# My new job



## Fsappo (Oct 17, 2014)

So, after 7 years working for North Shore Oil and Fireside Chatts, I have found myself a new set of shoes to fill.

A local HVAC company who is looking to start and develop a hearth business hired me.  Company's name is Breathe Easy (not a typo) of CNY.

They were customers of North Shore Oil and I dealt with the owners and crew regularly.  Very honest husband and wife team, very involved in the community.  They have clean vehicles', a neat and polite service staff and an excellent reputation.  Things I missed greatly for the past few years.

They also want to start up this division small with planned growth.  Something I took part in twice in my first two stints in the hearth industry.  Another feeling I missed.  Shoe String Budget, being hungry and being in on the ground floor.

My hours went from 55-60 per week to 30-35 per week, by my choice.  I am a single dad of a 5 year old son.  This allows me to be a better father.  May have to watch the pennies a little bit more, but that has its exciting points as well.

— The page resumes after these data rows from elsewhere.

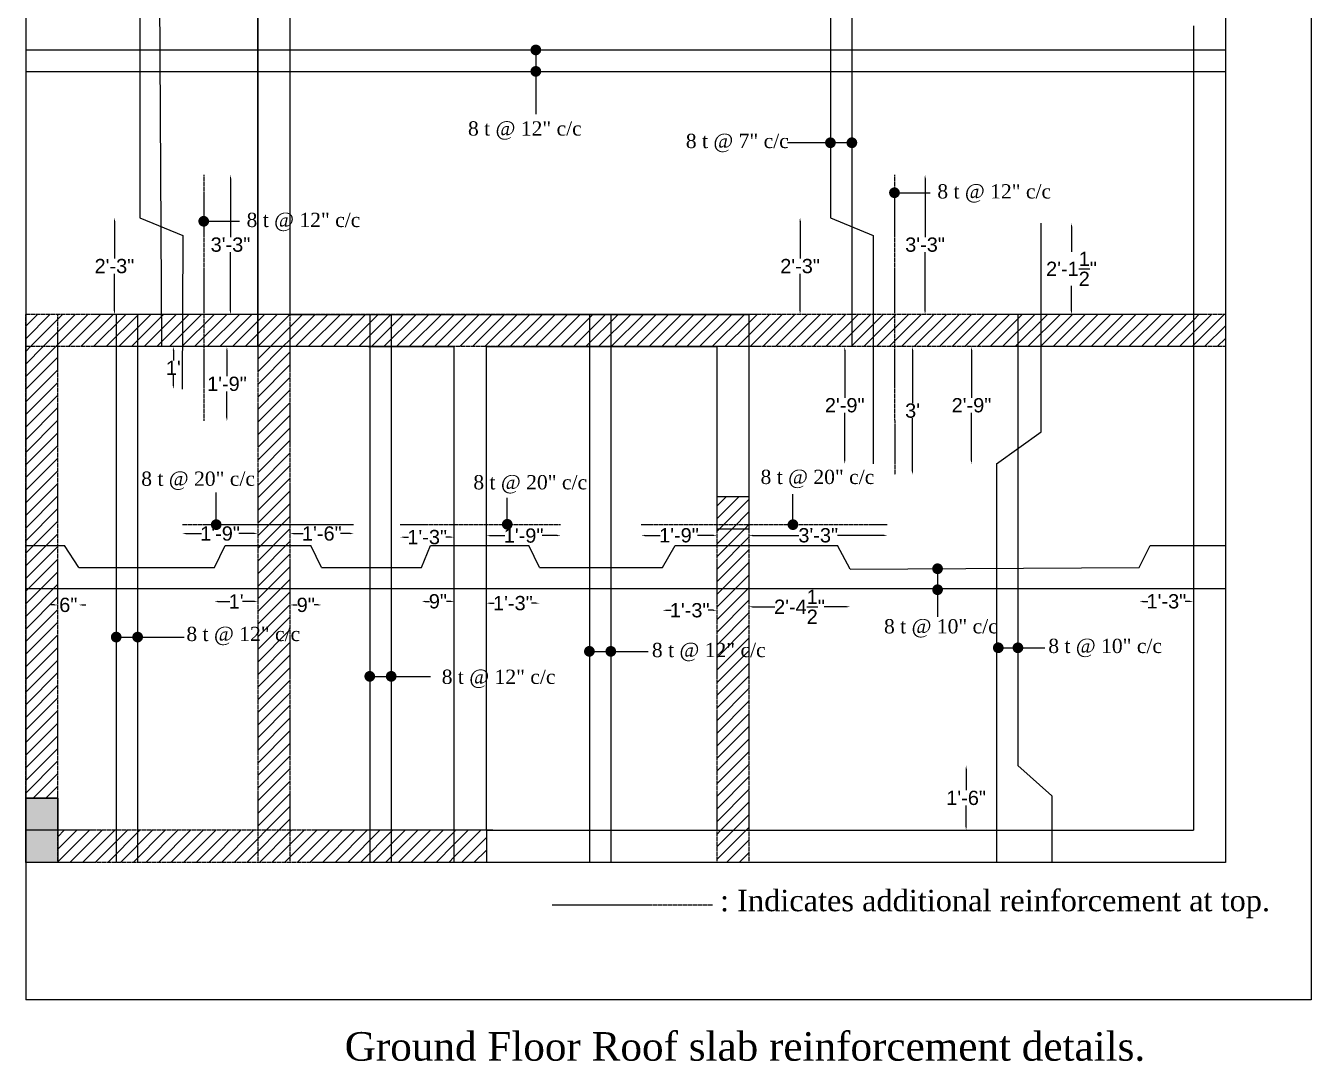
# Model space of a CAD drawing. Header units: inches. Extents: x 2686 to 6206, y -836 to 53.
# Drawn here: x 5647.2 to 6007.2, y -634.9 to -344.7 of the extents above; entities that cross this region are included whole.
import ezdxf

# ---------------------------------------------------------------- set-up
doc = ezdxf.new("R2010")
doc.units = ezdxf.units.IN
doc.header["$LTSCALE"] = 0.1
doc.header["$MEASUREMENT"] = 0
doc.linetypes.add('DASHED', pattern=[0.75, 0.5, -0.25])
doc.linetypes.add('DASHED2', pattern=[0.375, 0.25, -0.125])
doc.layers.add('MH - Beams', color=3, linetype='DASHED2')
doc.layers.add('MH - Slab reinforcement', color=3, linetype='Continuous')
doc.styles.get("Standard").update_dxf_attribs({"font": 'arial.ttf'})
doc.dimstyles.get("Standard").update_dxf_attribs({"dimtxt": 6, "dimasz": 3, "dimexe": 0, "dimexo": 0.0625, "dimgap": 0.09, "dimtad": 0, "dimtih": 1, "dimtoh": 1, "dimdec": 1, "dimzin": 0, "dimdsep": 46, "dimlunit": 4, "dimtxsty": 'Standard', "dimblk": 'DOT', "dimcen": 0.09, "dimse1": 1, "dimse2": 1, "dimadec": 0, "dimazin": 0, "dimtfac": 1, "dimtdec": 1, "dimtofl": 0, "dimtmove": 0, "dimatfit": 3, "dimfxl": 1, "dimtolj": 1, "dimtzin": 0, "dimarcsym": 0})
pattern_1 = [(45, (862.607, 15.6165), (-1.767767, 1.767767), [])]

# ---------------------------------------------------------------- blocks, each defined once
blk = doc.blocks.new('_Dot')
at = {"color": 0, "linetype": 'ByBlock', "lineweight": -2}
blk.add_line((-0.5, 0), (-1, 0), dxfattribs=at)
at = {"color": 0, "linetype": 'ByBlock', "const_width": 0.5}
blk.add_lwpolyline([(-0.25, 0, 1), (0.25, 0, 1)], format="xyb", close=True, dxfattribs=at)
blk = doc.blocks.new('*D225')
at = {"layer": 'Defpoints', "color": 0}
for p in [(5872.5, -398.5), (5864, -425.63), (5872.5, -425.63)]:
    blk.add_point(p, dxfattribs=at)
at = {"layer": 'MH - Slab reinforcement', "color": 0, "lineweight": -2}
for p, q in [((5864, -399.5), (5864, -409.93)), ((5864, -424.63), (5864, -414.2))]:
    blk.add_line(p, q, dxfattribs=at)
at = {"layer": 'MH - Slab reinforcement', "color": 0}
for points in [[(5864.17, -399.5), (5863.83, -399.5), (5864, -398.5)], [(5863.83, -424.63), (5864.17, -424.63), (5864, -425.63)]]:
    blk.add_solid(points, dxfattribs=at)
at = {"layer": 'MH - Slab reinforcement', "color": 0, "insert": (5864, -412.07), "char_height": 4, "attachment_point": 5}
blk.add_mtext('\\A1;2\'-3"', dxfattribs=at)
blk = doc.blocks.new('*D226')
at = {"layer": 'Defpoints', "color": 0}
for p in [(5890.43, -386.5), (5890.46, -425.63), (5899, -425.63)]:
    blk.add_point(p, dxfattribs=at)
at = {"layer": 'MH - Slab reinforcement', "color": 0, "lineweight": -2}
for p, q in [((5899, -387.5), (5899, -403.93)), ((5899, -424.63), (5899, -408.2))]:
    blk.add_line(p, q, dxfattribs=at)
at = {"layer": 'MH - Slab reinforcement', "color": 0}
for points in [[(5899.17, -387.5), (5898.83, -387.5), (5899, -386.5)], [(5898.83, -424.63), (5899.17, -424.63), (5899, -425.63)]]:
    blk.add_solid(points, dxfattribs=at)
at = {"layer": 'MH - Slab reinforcement', "color": 0, "insert": (5899, -406.07), "char_height": 4, "attachment_point": 5}
blk.add_mtext('\\A1;3\'-3"', dxfattribs=at)
blk = doc.blocks.new('*D227')
at = {"layer": 'Defpoints', "color": 0}
for p in [(5931.5, -400), (5931.5, -425.63), (5940, -425.63)]:
    blk.add_point(p, dxfattribs=at)
at = {"layer": 'MH - Slab reinforcement', "color": 0, "lineweight": -2}
for p, q in [((5940, -401), (5940, -408.04)), ((5940, -424.63), (5940, -417.59))]:
    blk.add_line(p, q, dxfattribs=at)
at = {"layer": 'MH - Slab reinforcement', "color": 0}
for points in [[(5940.17, -401), (5939.83, -401), (5940, -400)], [(5939.83, -424.63), (5940.17, -424.63), (5940, -425.63)]]:
    blk.add_solid(points, dxfattribs=at)
at = {"layer": 'MH - Slab reinforcement', "color": 0, "insert": (5940, -412.82), "char_height": 4, "attachment_point": 5}
blk.add_mtext('\\A1;2\'-1{\\H1.000000x;\\S1/2;}"', dxfattribs=at)
blk = doc.blocks.new('*D228')
at = {"layer": 'Defpoints', "color": 0}
for p in [(5912, -434.63), (5919, -434.63), (5919, -467.5)]:
    blk.add_point(p, dxfattribs=at)
at = {"layer": 'MH - Slab reinforcement', "color": 0, "lineweight": -2}
for p, q in [((5912, -435.63), (5912, -448.93)), ((5912, -466.5), (5912, -453.2))]:
    blk.add_line(p, q, dxfattribs=at)
at = {"layer": 'MH - Slab reinforcement', "color": 0}
for points in [[(5912.17, -435.63), (5911.83, -435.63), (5912, -434.63)], [(5911.83, -466.5), (5912.17, -466.5), (5912, -467.5)]]:
    blk.add_solid(points, dxfattribs=at)
at = {"layer": 'MH - Slab reinforcement', "color": 0, "insert": (5912, -451.07), "char_height": 4, "attachment_point": 5}
blk.add_mtext('\\A1;2\'-9"', dxfattribs=at)
blk = doc.blocks.new('*D229')
at = {"layer": 'Defpoints', "color": 0}
for p in [(5884.5, -434.63), (5876.5, -467.5), (5884.5, -467.5)]:
    blk.add_point(p, dxfattribs=at)
at = {"layer": 'MH - Slab reinforcement', "color": 0, "lineweight": -2}
for p, q in [((5876.5, -435.63), (5876.5, -448.93)), ((5876.5, -466.5), (5876.5, -453.2))]:
    blk.add_line(p, q, dxfattribs=at)
at = {"layer": 'MH - Slab reinforcement', "color": 0}
for points in [[(5876.67, -435.63), (5876.33, -435.63), (5876.5, -434.63)], [(5876.33, -466.5), (5876.67, -466.5), (5876.5, -467.5)]]:
    blk.add_solid(points, dxfattribs=at)
at = {"layer": 'MH - Slab reinforcement', "color": 0, "insert": (5876.5, -451.07), "char_height": 4, "attachment_point": 5}
blk.add_mtext('\\A1;2\'-9"', dxfattribs=at)
blk = doc.blocks.new('*D230')
at = {"layer": 'Defpoints', "color": 0}
for p in [(5890.47, -434.63), (5890.5, -470.5), (5895.5, -470.5)]:
    blk.add_point(p, dxfattribs=at)
at = {"layer": 'MH - Slab reinforcement', "color": 0, "lineweight": -2}
for p, q in [((5895.5, -435.63), (5895.5, -450.43)), ((5895.5, -469.5), (5895.5, -454.7))]:
    blk.add_line(p, q, dxfattribs=at)
at = {"layer": 'MH - Slab reinforcement', "color": 0}
for points in [[(5895.67, -435.63), (5895.33, -435.63), (5895.5, -434.63)], [(5895.33, -469.5), (5895.67, -469.5), (5895.5, -470.5)]]:
    blk.add_solid(points, dxfattribs=at)
at = {"layer": 'MH - Slab reinforcement', "color": 0, "insert": (5895.5, -452.57), "char_height": 4, "attachment_point": 5}
blk.add_mtext("\\A1;3'", dxfattribs=at)
blk = doc.blocks.new('*D231')
at = {"layer": 'Defpoints', "color": 0}
for p in [(5825.5, -496.5), (5840.65, -496.5), (5840.65, -508.5)]:
    blk.add_point(p, dxfattribs=at)
at = {"layer": 'MH - Slab reinforcement', "color": 0, "lineweight": -2}
for p, q in [((5826.5, -508.5), (5827.86, -508.5)), ((5839.65, -508.5), (5838.29, -508.5))]:
    blk.add_line(p, q, dxfattribs=at)
at = {"layer": 'MH - Slab reinforcement', "color": 0}
for points in [[(5826.5, -508.33), (5826.5, -508.67), (5825.5, -508.5)], [(5839.65, -508.67), (5839.65, -508.33), (5840.65, -508.5)]]:
    blk.add_solid(points, dxfattribs=at)
at = {"layer": 'MH - Slab reinforcement', "color": 0, "insert": (5833.08, -508.5), "char_height": 4, "attachment_point": 5}
blk.add_mtext('\\A1;1\'-3"', dxfattribs=at)
blk = doc.blocks.new('*D232')
at = {"layer": 'Defpoints', "color": 0}
for p in [(5849.65, -497), (5878, -497), (5849.65, -507.5)]:
    blk.add_point(p, dxfattribs=at)
at = {"layer": 'MH - Slab reinforcement', "color": 0, "lineweight": -2}
for p, q in [((5850.65, -507.5), (5856.92, -507.5)), ((5877, -507.5), (5870.73, -507.5))]:
    blk.add_line(p, q, dxfattribs=at)
at = {"layer": 'MH - Slab reinforcement', "color": 0}
for points in [[(5850.65, -507.33), (5850.65, -507.67), (5849.65, -507.5)], [(5877, -507.67), (5877, -507.33), (5878, -507.5)]]:
    blk.add_solid(points, dxfattribs=at)
at = {"layer": 'MH - Slab reinforcement', "color": 0, "insert": (5863.83, -507.5), "char_height": 4, "attachment_point": 5}
blk.add_mtext('\\A1;2\'-4{\\H1.000000x;\\S1/2;}"', dxfattribs=at)
blk = doc.blocks.new('*D234')
at = {"layer": 'Defpoints', "color": 0}
for p in [(5849.65, -484.5), (5888.5, -484.5), (5849.65, -487.5)]:
    blk.add_point(p, dxfattribs=at)
at = {"layer": 'MH - Slab reinforcement', "color": 0, "lineweight": -2}
for p, q in [((5850.65, -487.5), (5863.68, -487.5)), ((5887.5, -487.5), (5874.48, -487.5))]:
    blk.add_line(p, q, dxfattribs=at)
at = {"layer": 'MH - Slab reinforcement', "color": 0}
for points in [[(5850.65, -487.33), (5850.65, -487.67), (5849.65, -487.5)], [(5887.5, -487.67), (5887.5, -487.33), (5888.5, -487.5)]]:
    blk.add_solid(points, dxfattribs=at)
at = {"layer": 'MH - Slab reinforcement', "color": 0, "insert": (5869.08, -487.5), "char_height": 4, "attachment_point": 5}
blk.add_mtext('\\A1;3\'-3"', dxfattribs=at)
blk = doc.blocks.new('*D235')
at = {"layer": 'Defpoints', "color": 0}
for p in [(5819.5, -484.5), (5840.65, -484.5), (5819.5, -487.5)]:
    blk.add_point(p, dxfattribs=at)
at = {"layer": 'MH - Slab reinforcement', "color": 0, "lineweight": -2}
for p, q in [((5820.5, -487.5), (5824.86, -487.5)), ((5839.65, -487.5), (5835.29, -487.5))]:
    blk.add_line(p, q, dxfattribs=at)
at = {"layer": 'MH - Slab reinforcement', "color": 0}
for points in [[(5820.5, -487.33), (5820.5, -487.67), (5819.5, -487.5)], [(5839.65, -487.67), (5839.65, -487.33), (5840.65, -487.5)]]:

NYSERDA has a pellet stove program running, so its a fun way to get started and promote.

So that's where I am, on day 4.  Feels so much like the good old days at Warm Wood Stoves in Warrensburg.  I just have an extra couple of decades under my belt.

I will be leaning on the great minds here from time to time on the tech end of things, as my primary skill set and experience is in sales, marketing and business management. So don't laugh when I ask "Daksy, which one is the thermocouple and the thermopile again?"


----------



## Kelvin 506 (Oct 17, 2014)

congrats and good luck to you on the new job.


----------



## BrotherBart (Oct 17, 2014)

Old Home Week at h.c.


----------



## Swedishchef (Oct 18, 2014)

Fsappo said:


> I am a single dad of a 5 year old son


YOU sir, are a hero in my eyes. 
Glad to hear of the new job. I am sure everything will work out for the best!

Andrew


----------



## Fsappo (Oct 20, 2014)

Swedishchef said:


> YOU sir, are a hero in my eyes.
> Glad to hear of the new job. I am sure everything will work out for the best!
> 
> Andrew


Thanks Andrew.  It took a lot of fight and 50K I didn't have, but I got full custody.  Never try to take a son from an Italian.


----------



## Jags (Oct 20, 2014)

Sweet - getting those hours back to spend with your son is priceless.  I can't imagine any father ever spending "TOO much time with their son".

Glad to hear that you are back in the saddle that fits ya.


----------



## mellow (Oct 20, 2014)

Congrats Frank on the new position!  That is awesome you are able to stay in the industry, you would have loved to have been at the Wood Stove Challenge last year and seeing all the new forms of clean burning.  I am hoping that Greenheat will do another public gathering down the road.

I love tech and fire, it is a good combo, sometimes.

So are you going to be focusing on the higher end new types of clean burning wood stoves?

When it comes the thermocouples remember, K type.


----------



## Swedishchef (Oct 20, 2014)

Fsappo said:


> Thanks Andrew.  It took a lot of fight and 50K I didn't have, but I got full custody.  Never try to take a son from an Italian.


$50K is a TON of money but a drop in the bucket when it comes to spending time with your own flesh and blood. Hell, some people spend $50 000 on a pickup truck!

A


----------



## StoveWannabe (Oct 23, 2014)

Hi Frank. Long time no see. I live in Syracuse and was wondering about Fireside Chatts. Look like they may have closed. Glad your back on.
Where is Breathe Easy of CNY? I'm trying to buy an old farm house near Brighton Towers (only someone from CNY would where that is ) that has oil heat and maybe in the market.


----------



## Fsappo (Oct 24, 2014)

StoveWannabe said:


> Hi Frank. Long time no see. I live in Syracuse and was wondering about Fireside Chatts. Look like they may have closed. Glad your back on.
> Where is Breathe Easy of CNY? I'm trying to buy an old farm house near Brighton Towers (only someone from CNY would where that is ) that has oil heat and maybe in the market.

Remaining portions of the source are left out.